DIRECTIONS: Every entry below should come back unchanged, except that the pictures are dropped.

[Records from a dataset]

_ _ _ _ _ _ _

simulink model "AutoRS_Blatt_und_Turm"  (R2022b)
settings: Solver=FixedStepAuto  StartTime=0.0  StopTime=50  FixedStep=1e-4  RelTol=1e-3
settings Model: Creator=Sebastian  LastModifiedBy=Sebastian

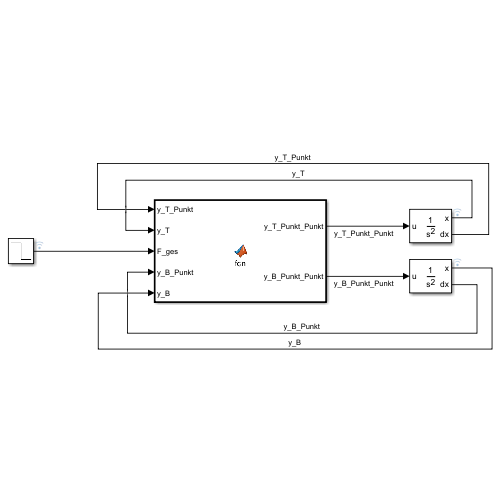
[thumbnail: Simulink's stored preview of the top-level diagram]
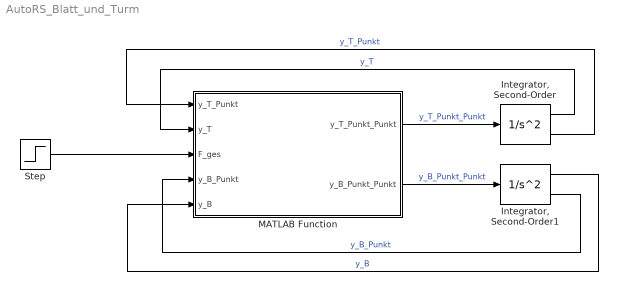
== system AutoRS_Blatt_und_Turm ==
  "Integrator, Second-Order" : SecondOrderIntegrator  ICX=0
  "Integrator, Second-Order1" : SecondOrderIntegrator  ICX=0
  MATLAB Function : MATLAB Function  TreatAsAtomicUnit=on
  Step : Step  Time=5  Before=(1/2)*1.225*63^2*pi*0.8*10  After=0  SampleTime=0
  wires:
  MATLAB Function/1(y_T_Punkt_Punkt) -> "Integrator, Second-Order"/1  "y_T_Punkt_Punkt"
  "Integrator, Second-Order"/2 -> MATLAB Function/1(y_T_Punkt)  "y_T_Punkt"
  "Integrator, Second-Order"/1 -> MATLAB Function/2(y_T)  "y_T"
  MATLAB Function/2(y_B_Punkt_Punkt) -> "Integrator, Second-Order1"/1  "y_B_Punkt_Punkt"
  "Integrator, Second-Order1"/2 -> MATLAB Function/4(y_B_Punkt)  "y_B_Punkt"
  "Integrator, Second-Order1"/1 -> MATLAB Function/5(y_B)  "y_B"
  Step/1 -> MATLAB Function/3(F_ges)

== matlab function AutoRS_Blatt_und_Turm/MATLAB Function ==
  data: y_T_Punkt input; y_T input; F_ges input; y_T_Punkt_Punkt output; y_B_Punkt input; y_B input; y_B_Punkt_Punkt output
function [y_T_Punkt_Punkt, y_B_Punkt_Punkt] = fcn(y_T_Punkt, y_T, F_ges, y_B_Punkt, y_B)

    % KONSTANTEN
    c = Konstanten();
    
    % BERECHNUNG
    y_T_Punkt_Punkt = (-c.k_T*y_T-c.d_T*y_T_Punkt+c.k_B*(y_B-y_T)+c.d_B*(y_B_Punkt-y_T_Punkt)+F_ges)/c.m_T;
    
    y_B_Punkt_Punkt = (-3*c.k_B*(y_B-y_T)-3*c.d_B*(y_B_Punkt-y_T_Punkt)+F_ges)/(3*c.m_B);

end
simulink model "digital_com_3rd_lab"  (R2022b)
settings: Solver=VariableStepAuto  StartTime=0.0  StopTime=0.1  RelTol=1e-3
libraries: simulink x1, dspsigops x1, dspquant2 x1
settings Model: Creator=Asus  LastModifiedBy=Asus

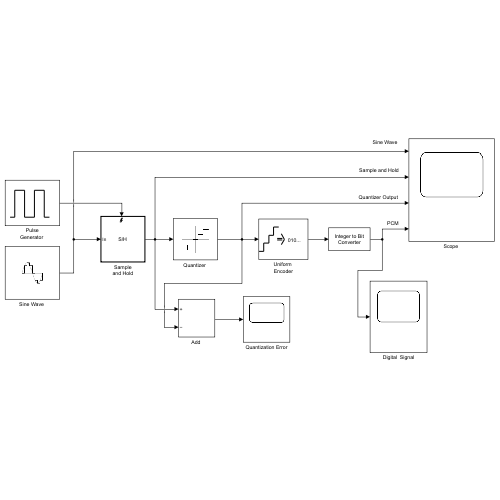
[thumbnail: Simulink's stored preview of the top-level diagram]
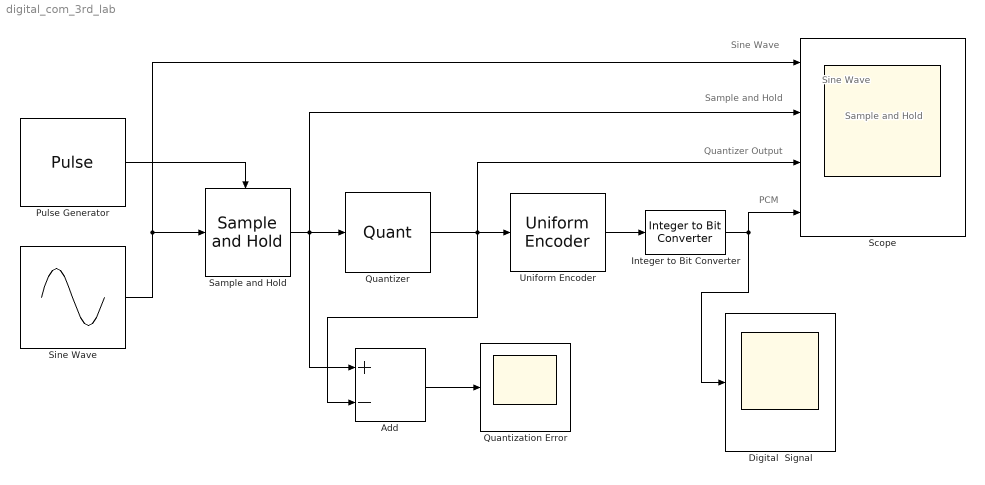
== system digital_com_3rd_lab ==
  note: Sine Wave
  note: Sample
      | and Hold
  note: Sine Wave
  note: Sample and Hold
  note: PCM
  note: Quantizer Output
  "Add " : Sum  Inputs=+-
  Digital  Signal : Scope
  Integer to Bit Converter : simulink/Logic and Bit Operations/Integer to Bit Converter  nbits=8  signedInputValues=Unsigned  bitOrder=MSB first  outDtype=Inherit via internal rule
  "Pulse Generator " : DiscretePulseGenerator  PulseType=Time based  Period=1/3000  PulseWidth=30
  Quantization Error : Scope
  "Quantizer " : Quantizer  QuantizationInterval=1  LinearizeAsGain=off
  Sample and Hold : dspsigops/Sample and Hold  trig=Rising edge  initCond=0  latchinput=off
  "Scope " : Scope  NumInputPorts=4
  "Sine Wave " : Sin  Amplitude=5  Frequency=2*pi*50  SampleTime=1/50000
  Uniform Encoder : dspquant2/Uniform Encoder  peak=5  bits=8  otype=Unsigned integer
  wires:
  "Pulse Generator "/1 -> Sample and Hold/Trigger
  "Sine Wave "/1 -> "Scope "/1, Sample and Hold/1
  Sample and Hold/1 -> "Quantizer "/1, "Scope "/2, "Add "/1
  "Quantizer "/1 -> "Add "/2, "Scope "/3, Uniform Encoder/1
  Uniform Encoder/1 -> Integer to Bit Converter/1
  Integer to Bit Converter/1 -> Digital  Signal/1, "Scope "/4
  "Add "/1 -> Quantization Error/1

_ _ _ _ _ _ _

TASK SOLUTION:
simulink model "AutoRS_Blatt_und_Turm"  (R2022b)
settings: Solver=FixedStepAuto  StartTime=0.0  StopTime=50  FixedStep=1e-4  RelTol=1e-3
settings Model: Creator=Sebastian  LastModifiedBy=Sebastian

[thumbnail: Simulink's stored preview of the top-level diagram]
== system AutoRS_Blatt_und_Turm ==
  "Integrator, Second-Order" : SecondOrderIntegrator  ICX=0
  "Integrator, Second-Order1" : SecondOrderIntegrator  ICX=0
  MATLAB Function : MATLAB Function  TreatAsAtomicUnit=on
  Step : Step  Time=5  Before=(1/2)*1.225*63^2*pi*0.8*10  After=0  SampleTime=0
  wires:
  MATLAB Function/1(y_T_Punkt_Punkt) -> "Integrator, Second-Order"/1  "y_T_Punkt_Punkt"
  "Integrator, Second-Order"/2 -> MATLAB Function/1(y_T_Punkt)  "y_T_Punkt"
  "Integrator, Second-Order"/1 -> MATLAB Function/2(y_T)  "y_T"
  MATLAB Function/2(y_B_Punkt_Punkt) -> "Integrator, Second-Order1"/1  "y_B_Punkt_Punkt"
  "Integrator, Second-Order1"/2 -> MATLAB Function/4(y_B_Punkt)  "y_B_Punkt"
  "Integrator, Second-Order1"/1 -> MATLAB Function/5(y_B)  "y_B"
  Step/1 -> MATLAB Function/3(F_ges)

== matlab function AutoRS_Blatt_und_Turm/MATLAB Function ==
  data: y_T_Punkt input; y_T input; F_ges input; y_T_Punkt_Punkt output; y_B_Punkt input; y_B input; y_B_Punkt_Punkt output
function [y_T_Punkt_Punkt, y_B_Punkt_Punkt] = fcn(y_T_Punkt, y_T, F_ges, y_B_Punkt, y_B)

    % KONSTANTEN
    c = Konstanten();
    
    % BERECHNUNG
    y_T_Punkt_Punkt = (-c.k_T*y_T-c.d_T*y_T_Punkt+c.k_B*(y_B-y_T)+c.d_B*(y_B_Punkt-y_T_Punkt)+F_ges)/c.m_T;
    
    y_B_Punkt_Punkt = (-3*c.k_B*(y_B-y_T)-3*c.d_B*(y_B_Punkt-y_T_Punkt)+F_ges)/(3*c.m_B);

end
simulink model "digital_com_3rd_lab"  (R2022b)
settings: Solver=VariableStepAuto  StartTime=0.0  StopTime=0.1  RelTol=1e-3
libraries: simulink x1, dspsigops x1, dspquant2 x1
settings Model: Creator=Asus  LastModifiedBy=Asus

[thumbnail: Simulink's stored preview of the top-level diagram]
== system digital_com_3rd_lab ==
  note: Sine Wave
  note: Sample
      | and Hold
  note: Sine Wave
  note: Sample and Hold
  note: PCM
  note: Quantizer Output
  "Add " : Sum  Inputs=+-
  Digital  Signal : Scope
  Integer to Bit Converter : simulink/Logic and Bit Operations/Integer to Bit Converter  nbits=8  signedInputValues=Unsigned  bitOrder=MSB first  outDtype=Inherit via internal rule
  "Pulse Generator " : DiscretePulseGenerator  PulseType=Time based  Period=1/3000  PulseWidth=30
  Quantization Error : Scope
  "Quantizer " : Quantizer  QuantizationInterval=1  LinearizeAsGain=off
  Sample and Hold : dspsigops/Sample and Hold  trig=Rising edge  initCond=0  latchinput=off
  "Scope " : Scope  NumInputPorts=4
  "Sine Wave " : Sin  Amplitude=5  Frequency=2*pi*50  SampleTime=1/50000
  Uniform Encoder : dspquant2/Uniform Encoder  peak=5  bits=8  otype=Unsigned integer
  wires:
  "Pulse Generator "/1 -> Sample and Hold/Trigger
  "Sine Wave "/1 -> "Scope "/1, Sample and Hold/1
  Sample and Hold/1 -> "Quantizer "/1, "Scope "/2, "Add "/1
  "Quantizer "/1 -> "Add "/2, "Scope "/3, Uniform Encoder/1
  Uniform Encoder/1 -> Integer to Bit Converter/1
  Integer to Bit Converter/1 -> Digital  Signal/1, "Scope "/4
  "Add "/1 -> Quantization Error/1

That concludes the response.